Exercise prompt: What is needed is an exact copy of the data below, pictures excluded.

Input for this task:

++++++++

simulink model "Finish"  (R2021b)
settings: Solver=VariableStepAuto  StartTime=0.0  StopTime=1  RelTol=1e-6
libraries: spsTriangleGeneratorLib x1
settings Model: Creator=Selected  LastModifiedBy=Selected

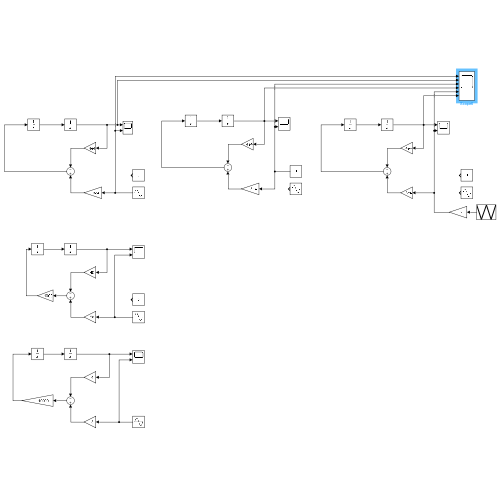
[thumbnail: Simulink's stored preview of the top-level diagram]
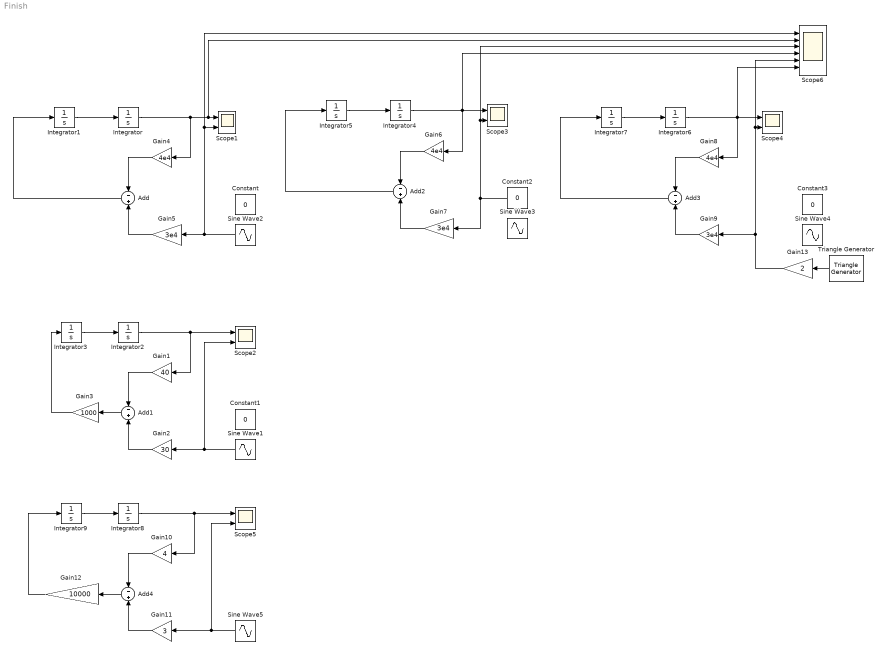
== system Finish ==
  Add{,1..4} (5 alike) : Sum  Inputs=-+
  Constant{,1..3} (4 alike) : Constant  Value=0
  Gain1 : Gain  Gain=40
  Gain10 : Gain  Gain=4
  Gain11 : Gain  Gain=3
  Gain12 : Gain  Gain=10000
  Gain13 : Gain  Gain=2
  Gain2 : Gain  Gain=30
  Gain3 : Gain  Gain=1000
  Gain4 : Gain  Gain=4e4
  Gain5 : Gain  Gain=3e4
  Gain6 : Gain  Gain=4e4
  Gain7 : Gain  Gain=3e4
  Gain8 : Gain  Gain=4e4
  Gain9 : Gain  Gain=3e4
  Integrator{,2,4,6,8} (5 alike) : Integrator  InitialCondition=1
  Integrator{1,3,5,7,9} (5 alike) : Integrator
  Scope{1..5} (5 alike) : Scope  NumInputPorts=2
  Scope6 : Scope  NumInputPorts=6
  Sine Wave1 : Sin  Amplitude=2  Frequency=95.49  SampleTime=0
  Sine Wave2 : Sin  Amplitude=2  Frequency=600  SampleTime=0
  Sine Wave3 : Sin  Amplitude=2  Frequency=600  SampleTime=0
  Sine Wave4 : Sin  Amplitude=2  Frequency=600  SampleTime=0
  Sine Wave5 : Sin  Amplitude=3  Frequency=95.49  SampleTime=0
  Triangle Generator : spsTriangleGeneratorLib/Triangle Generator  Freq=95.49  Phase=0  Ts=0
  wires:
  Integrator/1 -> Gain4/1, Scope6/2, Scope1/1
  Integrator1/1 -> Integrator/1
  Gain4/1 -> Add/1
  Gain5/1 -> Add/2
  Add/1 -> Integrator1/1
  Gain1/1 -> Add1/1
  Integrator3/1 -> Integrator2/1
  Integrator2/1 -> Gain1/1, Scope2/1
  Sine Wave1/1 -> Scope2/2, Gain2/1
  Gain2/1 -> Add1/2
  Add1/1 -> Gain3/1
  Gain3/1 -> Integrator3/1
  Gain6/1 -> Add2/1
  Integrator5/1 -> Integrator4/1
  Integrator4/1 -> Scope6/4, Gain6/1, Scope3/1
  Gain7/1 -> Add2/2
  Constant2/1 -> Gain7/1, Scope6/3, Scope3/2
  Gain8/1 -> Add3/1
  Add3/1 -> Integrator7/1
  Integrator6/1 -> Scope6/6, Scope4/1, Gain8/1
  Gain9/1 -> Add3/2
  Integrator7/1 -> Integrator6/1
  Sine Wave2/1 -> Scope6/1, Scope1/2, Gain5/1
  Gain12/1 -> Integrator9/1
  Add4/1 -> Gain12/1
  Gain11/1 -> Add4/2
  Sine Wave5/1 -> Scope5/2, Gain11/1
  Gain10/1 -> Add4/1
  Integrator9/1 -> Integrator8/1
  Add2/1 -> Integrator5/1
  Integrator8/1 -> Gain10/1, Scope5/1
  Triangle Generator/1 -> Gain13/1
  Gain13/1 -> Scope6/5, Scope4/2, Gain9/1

++++++++

The completed task:
simulink model "Finish"  (R2021b)
settings: Solver=VariableStepAuto  StartTime=0.0  StopTime=1  RelTol=1e-6
libraries: spsTriangleGeneratorLib x1
settings Model: Creator=Selected  LastModifiedBy=Selected

[thumbnail: Simulink's stored preview of the top-level diagram]
== system Finish ==
  Add{,1..4} (5 alike) : Sum  Inputs=-+
  Constant{,1..3} (4 alike) : Constant  Value=0
  Gain1 : Gain  Gain=40
  Gain10 : Gain  Gain=4
  Gain11 : Gain  Gain=3
  Gain12 : Gain  Gain=10000
  Gain13 : Gain  Gain=2
  Gain2 : Gain  Gain=30
  Gain3 : Gain  Gain=1000
  Gain4 : Gain  Gain=4e4
  Gain5 : Gain  Gain=3e4
  Gain6 : Gain  Gain=4e4
  Gain7 : Gain  Gain=3e4
  Gain8 : Gain  Gain=4e4
  Gain9 : Gain  Gain=3e4
  Integrator{,2,4,6,8} (5 alike) : Integrator  InitialCondition=1
  Integrator{1,3,5,7,9} (5 alike) : Integrator
  Scope{1..5} (5 alike) : Scope  NumInputPorts=2
  Scope6 : Scope  NumInputPorts=6
  Sine Wave1 : Sin  Amplitude=2  Frequency=95.49  SampleTime=0
  Sine Wave2 : Sin  Amplitude=2  Frequency=600  SampleTime=0
  Sine Wave3 : Sin  Amplitude=2  Frequency=600  SampleTime=0
  Sine Wave4 : Sin  Amplitude=2  Frequency=600  SampleTime=0
  Sine Wave5 : Sin  Amplitude=3  Frequency=95.49  SampleTime=0
  Triangle Generator : spsTriangleGeneratorLib/Triangle Generator  Freq=95.49  Phase=0  Ts=0
  wires:
  Integrator/1 -> Gain4/1, Scope6/2, Scope1/1
  Integrator1/1 -> Integrator/1
  Gain4/1 -> Add/1
  Gain5/1 -> Add/2
  Add/1 -> Integrator1/1
  Gain1/1 -> Add1/1
  Integrator3/1 -> Integrator2/1
  Integrator2/1 -> Gain1/1, Scope2/1
  Sine Wave1/1 -> Scope2/2, Gain2/1
  Gain2/1 -> Add1/2
  Add1/1 -> Gain3/1
  Gain3/1 -> Integrator3/1
  Gain6/1 -> Add2/1
  Integrator5/1 -> Integrator4/1
  Integrator4/1 -> Scope6/4, Gain6/1, Scope3/1
  Gain7/1 -> Add2/2
  Constant2/1 -> Gain7/1, Scope6/3, Scope3/2
  Gain8/1 -> Add3/1
  Add3/1 -> Integrator7/1
  Integrator6/1 -> Scope6/6, Scope4/1, Gain8/1
  Gain9/1 -> Add3/2
  Integrator7/1 -> Integrator6/1
  Sine Wave2/1 -> Scope6/1, Scope1/2, Gain5/1
  Gain12/1 -> Integrator9/1
  Add4/1 -> Gain12/1
  Gain11/1 -> Add4/2
  Sine Wave5/1 -> Scope5/2, Gain11/1
  Gain10/1 -> Add4/1
  Integrator9/1 -> Integrator8/1
  Add2/1 -> Integrator5/1
  Integrator8/1 -> Gain10/1, Scope5/1
  Triangle Generator/1 -> Gain13/1
  Gain13/1 -> Scope6/5, Scope4/2, Gain9/1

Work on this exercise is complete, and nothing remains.